In South Africa everyone drives on the wrong side of the road, meaning we are dealing with left-hand traffic; also speed bumps are widely in use to calm traffic (however you won’t find any caution signs to alert you of speed bumps ahead)! And ohh ja, traffic lights are called “robots” – so if you read something like “robot ahead”, this does not mean that R2-D2 is waiting to greet you.
The three most important rules:
    • All vehicles must stop at a four-way intersection with a stop sign – whichever vehicle stops first has priority
    • Roundabouts – remember: left-hand traffic – so circulation is clock-wise – and indicate when entering and exiting the roundabout
    • And watch out for all of those pedestrians
Speed limits:
    • In towns: 60 km/h
    • On provincial roads: 100 km/h
    • On freeways: 120 km/h
Speed controls and speed traps are quite common and fines for violating speed limits are heavy.
Visitors Visa
Visitors from Germany, Austria or Switzerland must have a passport valid for 30 more days after the return from South Africa. You also need to have a return ticket proving your day of departure from South Africa (a print-out of your e-ticket is sufficient). The visa is valid for 90 days and your passport should also have at least two unused visa pages.
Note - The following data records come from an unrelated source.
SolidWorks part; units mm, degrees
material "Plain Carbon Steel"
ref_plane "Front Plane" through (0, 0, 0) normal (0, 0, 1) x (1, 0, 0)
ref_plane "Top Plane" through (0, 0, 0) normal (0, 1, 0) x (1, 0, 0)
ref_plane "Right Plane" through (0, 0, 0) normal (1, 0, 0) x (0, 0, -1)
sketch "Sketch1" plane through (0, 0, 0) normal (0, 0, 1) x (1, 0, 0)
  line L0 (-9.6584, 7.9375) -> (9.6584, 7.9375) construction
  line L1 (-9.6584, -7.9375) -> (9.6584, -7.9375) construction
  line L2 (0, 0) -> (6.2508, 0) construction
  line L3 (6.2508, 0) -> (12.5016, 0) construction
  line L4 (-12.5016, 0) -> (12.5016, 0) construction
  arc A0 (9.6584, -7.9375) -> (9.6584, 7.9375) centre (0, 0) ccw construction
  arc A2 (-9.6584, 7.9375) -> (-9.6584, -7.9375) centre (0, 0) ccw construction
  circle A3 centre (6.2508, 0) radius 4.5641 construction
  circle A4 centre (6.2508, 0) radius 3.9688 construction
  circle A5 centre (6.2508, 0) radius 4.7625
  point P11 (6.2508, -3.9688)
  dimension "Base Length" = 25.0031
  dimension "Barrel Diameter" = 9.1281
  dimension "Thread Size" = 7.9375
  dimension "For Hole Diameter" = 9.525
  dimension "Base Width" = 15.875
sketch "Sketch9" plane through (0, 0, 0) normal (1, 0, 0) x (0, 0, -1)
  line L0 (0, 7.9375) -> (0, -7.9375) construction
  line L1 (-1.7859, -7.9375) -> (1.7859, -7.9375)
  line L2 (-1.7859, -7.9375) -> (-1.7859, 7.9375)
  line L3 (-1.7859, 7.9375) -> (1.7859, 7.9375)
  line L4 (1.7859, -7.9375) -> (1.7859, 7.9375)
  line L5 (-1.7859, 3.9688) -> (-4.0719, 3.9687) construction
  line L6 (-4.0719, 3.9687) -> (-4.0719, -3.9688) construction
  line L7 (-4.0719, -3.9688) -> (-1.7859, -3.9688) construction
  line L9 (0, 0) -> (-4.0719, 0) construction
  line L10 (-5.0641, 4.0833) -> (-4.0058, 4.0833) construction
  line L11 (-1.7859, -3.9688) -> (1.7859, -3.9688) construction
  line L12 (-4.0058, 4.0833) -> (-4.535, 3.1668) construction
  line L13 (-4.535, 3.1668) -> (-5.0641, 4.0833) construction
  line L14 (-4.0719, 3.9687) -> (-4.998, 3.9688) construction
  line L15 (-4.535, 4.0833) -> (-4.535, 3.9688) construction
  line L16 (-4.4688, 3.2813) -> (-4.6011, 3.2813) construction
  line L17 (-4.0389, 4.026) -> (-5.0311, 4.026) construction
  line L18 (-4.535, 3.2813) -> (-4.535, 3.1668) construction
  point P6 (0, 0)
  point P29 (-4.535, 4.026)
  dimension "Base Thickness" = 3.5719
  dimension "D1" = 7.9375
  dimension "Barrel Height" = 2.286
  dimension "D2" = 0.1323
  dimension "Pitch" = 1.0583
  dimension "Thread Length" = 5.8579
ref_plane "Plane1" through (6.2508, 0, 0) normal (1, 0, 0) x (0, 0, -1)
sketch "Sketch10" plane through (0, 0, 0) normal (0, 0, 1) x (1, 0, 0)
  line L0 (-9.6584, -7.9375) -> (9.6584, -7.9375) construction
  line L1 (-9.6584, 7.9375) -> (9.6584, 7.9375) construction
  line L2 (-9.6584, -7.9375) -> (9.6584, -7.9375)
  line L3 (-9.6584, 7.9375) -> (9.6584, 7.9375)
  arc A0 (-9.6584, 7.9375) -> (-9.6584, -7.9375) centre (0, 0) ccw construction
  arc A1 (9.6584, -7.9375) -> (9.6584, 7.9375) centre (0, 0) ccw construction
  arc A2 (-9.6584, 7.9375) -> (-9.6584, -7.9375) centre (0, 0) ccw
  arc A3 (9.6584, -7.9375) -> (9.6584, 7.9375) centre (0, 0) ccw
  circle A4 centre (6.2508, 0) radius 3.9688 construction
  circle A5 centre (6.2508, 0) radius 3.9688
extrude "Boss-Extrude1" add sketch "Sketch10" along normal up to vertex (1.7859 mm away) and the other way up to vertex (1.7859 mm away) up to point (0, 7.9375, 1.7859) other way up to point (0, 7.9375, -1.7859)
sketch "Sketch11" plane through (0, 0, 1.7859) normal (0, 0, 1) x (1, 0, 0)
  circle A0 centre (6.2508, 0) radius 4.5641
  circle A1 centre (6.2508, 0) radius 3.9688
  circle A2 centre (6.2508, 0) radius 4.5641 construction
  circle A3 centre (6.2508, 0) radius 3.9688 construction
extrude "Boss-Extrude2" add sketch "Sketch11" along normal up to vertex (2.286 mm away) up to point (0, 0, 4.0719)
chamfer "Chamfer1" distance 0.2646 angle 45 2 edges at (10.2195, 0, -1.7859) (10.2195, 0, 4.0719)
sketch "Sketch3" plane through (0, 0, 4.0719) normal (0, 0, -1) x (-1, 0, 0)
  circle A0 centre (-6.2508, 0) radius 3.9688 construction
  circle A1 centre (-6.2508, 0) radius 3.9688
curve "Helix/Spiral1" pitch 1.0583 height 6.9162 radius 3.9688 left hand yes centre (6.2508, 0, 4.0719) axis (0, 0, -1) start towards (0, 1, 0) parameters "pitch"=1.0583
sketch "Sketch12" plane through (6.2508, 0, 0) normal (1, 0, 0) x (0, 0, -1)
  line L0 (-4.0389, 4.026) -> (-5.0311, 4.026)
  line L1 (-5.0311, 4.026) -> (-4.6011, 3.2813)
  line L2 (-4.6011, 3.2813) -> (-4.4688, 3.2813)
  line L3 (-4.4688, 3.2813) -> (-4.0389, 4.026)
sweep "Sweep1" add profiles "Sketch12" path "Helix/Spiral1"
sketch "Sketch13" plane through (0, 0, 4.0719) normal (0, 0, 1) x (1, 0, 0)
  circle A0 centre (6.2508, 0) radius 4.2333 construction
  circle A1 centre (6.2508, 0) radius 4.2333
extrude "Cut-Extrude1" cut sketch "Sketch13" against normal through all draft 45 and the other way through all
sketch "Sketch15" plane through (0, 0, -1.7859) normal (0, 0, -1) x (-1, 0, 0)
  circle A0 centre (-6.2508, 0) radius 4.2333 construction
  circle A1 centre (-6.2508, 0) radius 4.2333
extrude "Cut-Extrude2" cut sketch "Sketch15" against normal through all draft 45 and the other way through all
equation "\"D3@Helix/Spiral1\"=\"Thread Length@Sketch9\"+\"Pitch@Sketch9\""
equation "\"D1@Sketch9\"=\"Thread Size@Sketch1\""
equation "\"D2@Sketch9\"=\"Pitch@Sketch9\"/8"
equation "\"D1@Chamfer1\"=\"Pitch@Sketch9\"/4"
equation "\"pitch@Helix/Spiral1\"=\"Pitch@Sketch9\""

Children must carry their own children’s passport and an unabridged birth certificate; children travelling alone or with one parent should carry a consent letter for the trip.
Whale Watching
The best time for whale watching is from September to October and Hermanus is “the best land based whale watching spot”. Other hot spots are Simon’s Town and Muizenberg. Hermanus Bay which is roughly 130km from Cape Town is the nursery for many south whales and Hermanus also has the only whale crier in the world informing the tourists where whales can be seen. The southern right whale is the most common whale found here and every once in a while you can even spot one in Camps Bay.
Wine Tasting
Another experience not to be missed is a visit to the Cape wine-lands: do a wine-tasting and learn about the reds, whites and excellent bubblies of the region. Superb wine farms set against majestic mountain backdrops offer fantastic wine-tasting combined with excellent restaurants. South Africa is ranked the seventh largest wine producer world-wide. Employing close to 300.000 workers, the wine industry is an important component of the economy. South African sparkling wine made by traditional Champagne method is called “Cap Classique” or “Bubbly” – and make sure not to miss out on the Franschhoek Champagne Festival on the first week-end in December!
Time Zone
South Africa Standard Time is two hours ahead of Greenich Meantime. South Africa does not utilize Daylight Saving Time, meaning that there is no time difference in summer and during German winter time, South Africa is one hour ahead.